Only the lines below between the ones containing "#28=CIRCLE('',#27,9.52500000000001);" and "#52=DIRECTION('',(1.,0.,0.));", inclusive, are to be reproduced, each exactly as it stands.
Input material: Begin
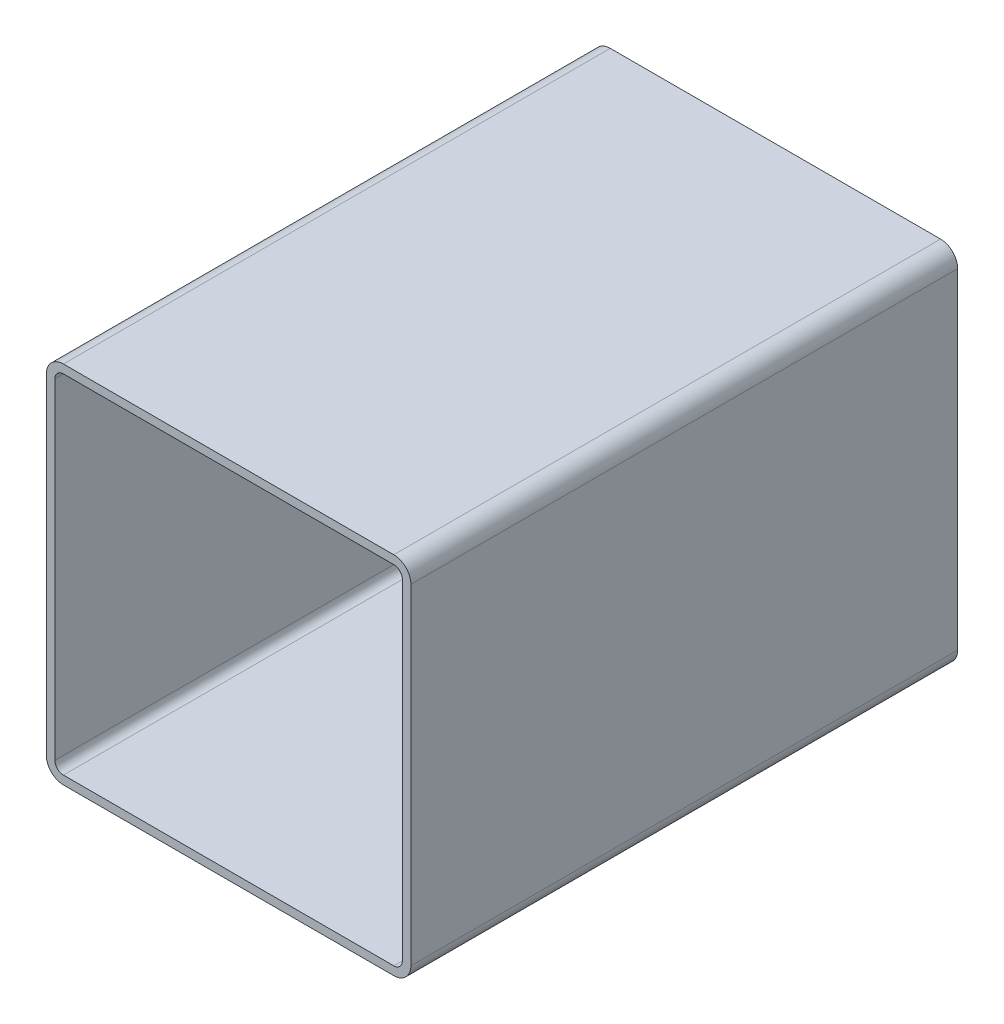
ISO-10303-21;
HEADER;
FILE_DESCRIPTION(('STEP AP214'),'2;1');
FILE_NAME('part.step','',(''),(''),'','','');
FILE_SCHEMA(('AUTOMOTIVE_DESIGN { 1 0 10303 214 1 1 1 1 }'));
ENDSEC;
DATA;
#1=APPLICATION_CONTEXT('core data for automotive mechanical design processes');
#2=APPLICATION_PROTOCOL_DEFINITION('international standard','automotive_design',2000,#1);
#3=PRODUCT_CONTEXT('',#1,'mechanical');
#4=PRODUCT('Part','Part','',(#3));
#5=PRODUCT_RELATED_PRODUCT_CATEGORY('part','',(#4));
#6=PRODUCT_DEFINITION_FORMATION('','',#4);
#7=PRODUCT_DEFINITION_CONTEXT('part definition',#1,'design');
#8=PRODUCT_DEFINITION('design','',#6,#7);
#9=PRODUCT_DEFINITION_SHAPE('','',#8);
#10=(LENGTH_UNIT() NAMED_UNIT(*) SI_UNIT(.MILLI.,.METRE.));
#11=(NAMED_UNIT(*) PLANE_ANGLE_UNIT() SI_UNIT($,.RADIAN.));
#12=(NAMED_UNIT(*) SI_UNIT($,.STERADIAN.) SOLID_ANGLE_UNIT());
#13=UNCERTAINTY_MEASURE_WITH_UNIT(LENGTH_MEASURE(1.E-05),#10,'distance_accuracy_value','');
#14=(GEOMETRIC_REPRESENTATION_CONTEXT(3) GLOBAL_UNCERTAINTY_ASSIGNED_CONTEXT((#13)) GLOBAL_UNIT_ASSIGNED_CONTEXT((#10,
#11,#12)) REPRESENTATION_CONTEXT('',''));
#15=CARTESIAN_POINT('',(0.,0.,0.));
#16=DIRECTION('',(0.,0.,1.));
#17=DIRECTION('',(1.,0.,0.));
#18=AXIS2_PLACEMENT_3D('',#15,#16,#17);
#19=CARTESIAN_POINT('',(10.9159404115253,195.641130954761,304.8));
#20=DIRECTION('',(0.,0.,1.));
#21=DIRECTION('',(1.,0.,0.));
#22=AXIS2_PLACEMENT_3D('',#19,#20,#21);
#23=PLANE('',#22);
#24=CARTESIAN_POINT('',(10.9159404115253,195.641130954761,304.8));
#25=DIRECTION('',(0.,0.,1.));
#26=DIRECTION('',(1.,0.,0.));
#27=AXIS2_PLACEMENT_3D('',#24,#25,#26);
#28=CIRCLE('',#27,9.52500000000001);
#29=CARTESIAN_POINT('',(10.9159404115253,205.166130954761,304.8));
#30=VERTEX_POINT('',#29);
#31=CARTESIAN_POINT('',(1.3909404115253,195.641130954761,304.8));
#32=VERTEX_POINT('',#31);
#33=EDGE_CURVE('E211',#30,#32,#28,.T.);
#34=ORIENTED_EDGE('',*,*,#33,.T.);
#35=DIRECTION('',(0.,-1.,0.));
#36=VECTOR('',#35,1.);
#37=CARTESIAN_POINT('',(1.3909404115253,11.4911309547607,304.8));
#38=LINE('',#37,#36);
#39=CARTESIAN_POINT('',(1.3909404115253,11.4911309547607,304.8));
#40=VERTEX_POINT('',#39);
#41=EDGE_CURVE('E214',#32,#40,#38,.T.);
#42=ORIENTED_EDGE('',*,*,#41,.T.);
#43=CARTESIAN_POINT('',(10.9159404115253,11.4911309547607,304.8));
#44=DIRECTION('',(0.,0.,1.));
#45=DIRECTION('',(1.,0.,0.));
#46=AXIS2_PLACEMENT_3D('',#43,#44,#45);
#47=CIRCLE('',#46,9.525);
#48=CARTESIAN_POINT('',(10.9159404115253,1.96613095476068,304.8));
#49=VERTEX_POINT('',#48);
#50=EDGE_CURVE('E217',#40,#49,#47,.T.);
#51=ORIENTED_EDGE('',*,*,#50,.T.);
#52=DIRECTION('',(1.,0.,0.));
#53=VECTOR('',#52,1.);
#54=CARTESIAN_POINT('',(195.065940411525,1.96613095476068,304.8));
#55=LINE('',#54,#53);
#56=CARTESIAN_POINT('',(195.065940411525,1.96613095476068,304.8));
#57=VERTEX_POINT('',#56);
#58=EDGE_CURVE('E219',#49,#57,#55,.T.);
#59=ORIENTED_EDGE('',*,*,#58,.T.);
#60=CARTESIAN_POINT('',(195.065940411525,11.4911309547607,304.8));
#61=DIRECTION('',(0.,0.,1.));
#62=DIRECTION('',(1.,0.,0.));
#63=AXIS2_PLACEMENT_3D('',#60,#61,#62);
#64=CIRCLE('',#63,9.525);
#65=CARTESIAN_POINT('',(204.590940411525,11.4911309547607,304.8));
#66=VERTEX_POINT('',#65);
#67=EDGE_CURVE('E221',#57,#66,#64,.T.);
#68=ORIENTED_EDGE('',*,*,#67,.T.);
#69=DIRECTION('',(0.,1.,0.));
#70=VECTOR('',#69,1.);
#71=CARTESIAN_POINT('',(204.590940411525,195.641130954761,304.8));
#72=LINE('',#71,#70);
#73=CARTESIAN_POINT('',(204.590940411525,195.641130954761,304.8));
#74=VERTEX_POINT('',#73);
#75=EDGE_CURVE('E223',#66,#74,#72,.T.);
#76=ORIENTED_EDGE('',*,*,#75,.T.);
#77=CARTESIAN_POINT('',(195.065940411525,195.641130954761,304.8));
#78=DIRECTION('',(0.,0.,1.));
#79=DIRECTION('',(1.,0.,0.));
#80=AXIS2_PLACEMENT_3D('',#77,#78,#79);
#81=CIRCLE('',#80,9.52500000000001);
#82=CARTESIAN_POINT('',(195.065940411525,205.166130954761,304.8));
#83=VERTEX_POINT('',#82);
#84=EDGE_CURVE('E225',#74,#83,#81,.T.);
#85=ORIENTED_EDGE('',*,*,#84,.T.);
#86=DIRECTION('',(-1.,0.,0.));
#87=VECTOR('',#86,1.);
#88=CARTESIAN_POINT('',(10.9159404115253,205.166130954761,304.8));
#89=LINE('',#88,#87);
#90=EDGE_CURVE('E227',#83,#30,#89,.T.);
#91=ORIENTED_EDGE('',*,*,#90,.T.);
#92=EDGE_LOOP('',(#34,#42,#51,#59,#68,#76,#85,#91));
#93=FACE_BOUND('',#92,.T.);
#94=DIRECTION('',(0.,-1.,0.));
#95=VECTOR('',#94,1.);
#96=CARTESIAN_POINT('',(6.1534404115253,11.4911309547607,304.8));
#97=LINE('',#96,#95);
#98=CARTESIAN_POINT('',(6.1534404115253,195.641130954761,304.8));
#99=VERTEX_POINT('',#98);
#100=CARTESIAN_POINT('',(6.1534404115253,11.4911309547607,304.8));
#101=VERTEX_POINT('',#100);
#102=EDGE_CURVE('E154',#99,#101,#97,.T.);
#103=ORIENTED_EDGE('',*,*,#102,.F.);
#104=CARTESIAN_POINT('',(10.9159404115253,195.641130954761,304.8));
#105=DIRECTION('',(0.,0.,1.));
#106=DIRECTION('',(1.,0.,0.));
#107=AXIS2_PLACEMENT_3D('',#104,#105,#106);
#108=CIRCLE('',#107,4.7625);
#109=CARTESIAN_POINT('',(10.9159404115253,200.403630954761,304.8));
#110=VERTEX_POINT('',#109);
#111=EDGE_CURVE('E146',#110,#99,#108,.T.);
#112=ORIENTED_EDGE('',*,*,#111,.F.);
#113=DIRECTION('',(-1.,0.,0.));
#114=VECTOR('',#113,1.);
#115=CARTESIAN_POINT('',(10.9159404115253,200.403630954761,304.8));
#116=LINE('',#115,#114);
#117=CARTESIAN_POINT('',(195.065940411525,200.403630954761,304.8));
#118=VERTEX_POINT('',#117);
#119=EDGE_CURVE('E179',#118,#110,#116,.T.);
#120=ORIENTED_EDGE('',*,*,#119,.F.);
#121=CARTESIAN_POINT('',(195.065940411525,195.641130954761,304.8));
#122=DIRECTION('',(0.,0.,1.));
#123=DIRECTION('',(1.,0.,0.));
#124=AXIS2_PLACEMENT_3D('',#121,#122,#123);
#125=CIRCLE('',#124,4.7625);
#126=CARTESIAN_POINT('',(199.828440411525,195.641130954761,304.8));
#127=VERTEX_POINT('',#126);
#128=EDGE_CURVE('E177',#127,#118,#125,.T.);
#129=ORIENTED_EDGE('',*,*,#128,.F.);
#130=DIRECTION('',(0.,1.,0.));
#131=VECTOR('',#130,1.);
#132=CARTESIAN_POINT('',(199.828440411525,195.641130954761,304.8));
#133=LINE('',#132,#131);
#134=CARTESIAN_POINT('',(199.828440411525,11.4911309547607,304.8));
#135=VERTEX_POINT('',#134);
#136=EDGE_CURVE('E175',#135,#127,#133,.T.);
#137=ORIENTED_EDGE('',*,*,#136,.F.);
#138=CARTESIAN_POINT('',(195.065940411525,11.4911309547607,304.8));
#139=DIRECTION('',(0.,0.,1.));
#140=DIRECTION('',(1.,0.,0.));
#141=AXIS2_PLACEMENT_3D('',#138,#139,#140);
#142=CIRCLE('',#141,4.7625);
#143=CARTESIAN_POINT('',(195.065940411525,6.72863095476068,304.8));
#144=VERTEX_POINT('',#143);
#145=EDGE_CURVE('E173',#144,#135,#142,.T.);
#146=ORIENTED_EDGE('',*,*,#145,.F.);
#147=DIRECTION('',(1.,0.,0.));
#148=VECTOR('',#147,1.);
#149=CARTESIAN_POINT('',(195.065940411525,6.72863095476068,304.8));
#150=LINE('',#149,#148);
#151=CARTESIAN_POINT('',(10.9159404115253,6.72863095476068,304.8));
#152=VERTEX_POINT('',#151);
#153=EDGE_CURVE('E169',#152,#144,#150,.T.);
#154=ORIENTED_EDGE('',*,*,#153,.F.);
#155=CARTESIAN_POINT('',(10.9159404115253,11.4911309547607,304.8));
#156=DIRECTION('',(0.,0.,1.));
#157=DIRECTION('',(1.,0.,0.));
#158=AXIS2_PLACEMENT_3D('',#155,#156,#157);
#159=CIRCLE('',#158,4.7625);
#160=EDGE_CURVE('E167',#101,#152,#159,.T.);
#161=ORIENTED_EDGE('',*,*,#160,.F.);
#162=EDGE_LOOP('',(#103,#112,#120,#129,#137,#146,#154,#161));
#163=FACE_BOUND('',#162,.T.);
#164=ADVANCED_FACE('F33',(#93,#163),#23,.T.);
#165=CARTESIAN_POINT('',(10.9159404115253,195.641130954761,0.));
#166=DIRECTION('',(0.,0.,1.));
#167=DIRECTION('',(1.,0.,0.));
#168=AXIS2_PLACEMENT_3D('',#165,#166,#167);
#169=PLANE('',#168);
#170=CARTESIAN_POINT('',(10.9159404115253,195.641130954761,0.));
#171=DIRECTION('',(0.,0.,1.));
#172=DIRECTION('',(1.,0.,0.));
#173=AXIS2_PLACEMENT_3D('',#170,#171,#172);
Input material: End
Response to this exercise:
#28=CIRCLE('',#27,9.52500000000001);
#29=CARTESIAN_POINT('',(10.9159404115253,205.166130954761,304.8));
#30=VERTEX_POINT('',#29);
#31=CARTESIAN_POINT('',(1.3909404115253,195.641130954761,304.8));
#32=VERTEX_POINT('',#31);
#33=EDGE_CURVE('E211',#30,#32,#28,.T.);
#34=ORIENTED_EDGE('',*,*,#33,.T.);
#35=DIRECTION('',(0.,-1.,0.));
#36=VECTOR('',#35,1.);
#37=CARTESIAN_POINT('',(1.3909404115253,11.4911309547607,304.8));
#38=LINE('',#37,#36);
#39=CARTESIAN_POINT('',(1.3909404115253,11.4911309547607,304.8));
#40=VERTEX_POINT('',#39);
#41=EDGE_CURVE('E214',#32,#40,#38,.T.);
#42=ORIENTED_EDGE('',*,*,#41,.T.);
#43=CARTESIAN_POINT('',(10.9159404115253,11.4911309547607,304.8));
#44=DIRECTION('',(0.,0.,1.));
#45=DIRECTION('',(1.,0.,0.));
#46=AXIS2_PLACEMENT_3D('',#43,#44,#45);
#47=CIRCLE('',#46,9.525);
#48=CARTESIAN_POINT('',(10.9159404115253,1.96613095476068,304.8));
#49=VERTEX_POINT('',#48);
#50=EDGE_CURVE('E217',#40,#49,#47,.T.);
#51=ORIENTED_EDGE('',*,*,#50,.T.);
#52=DIRECTION('',(1.,0.,0.));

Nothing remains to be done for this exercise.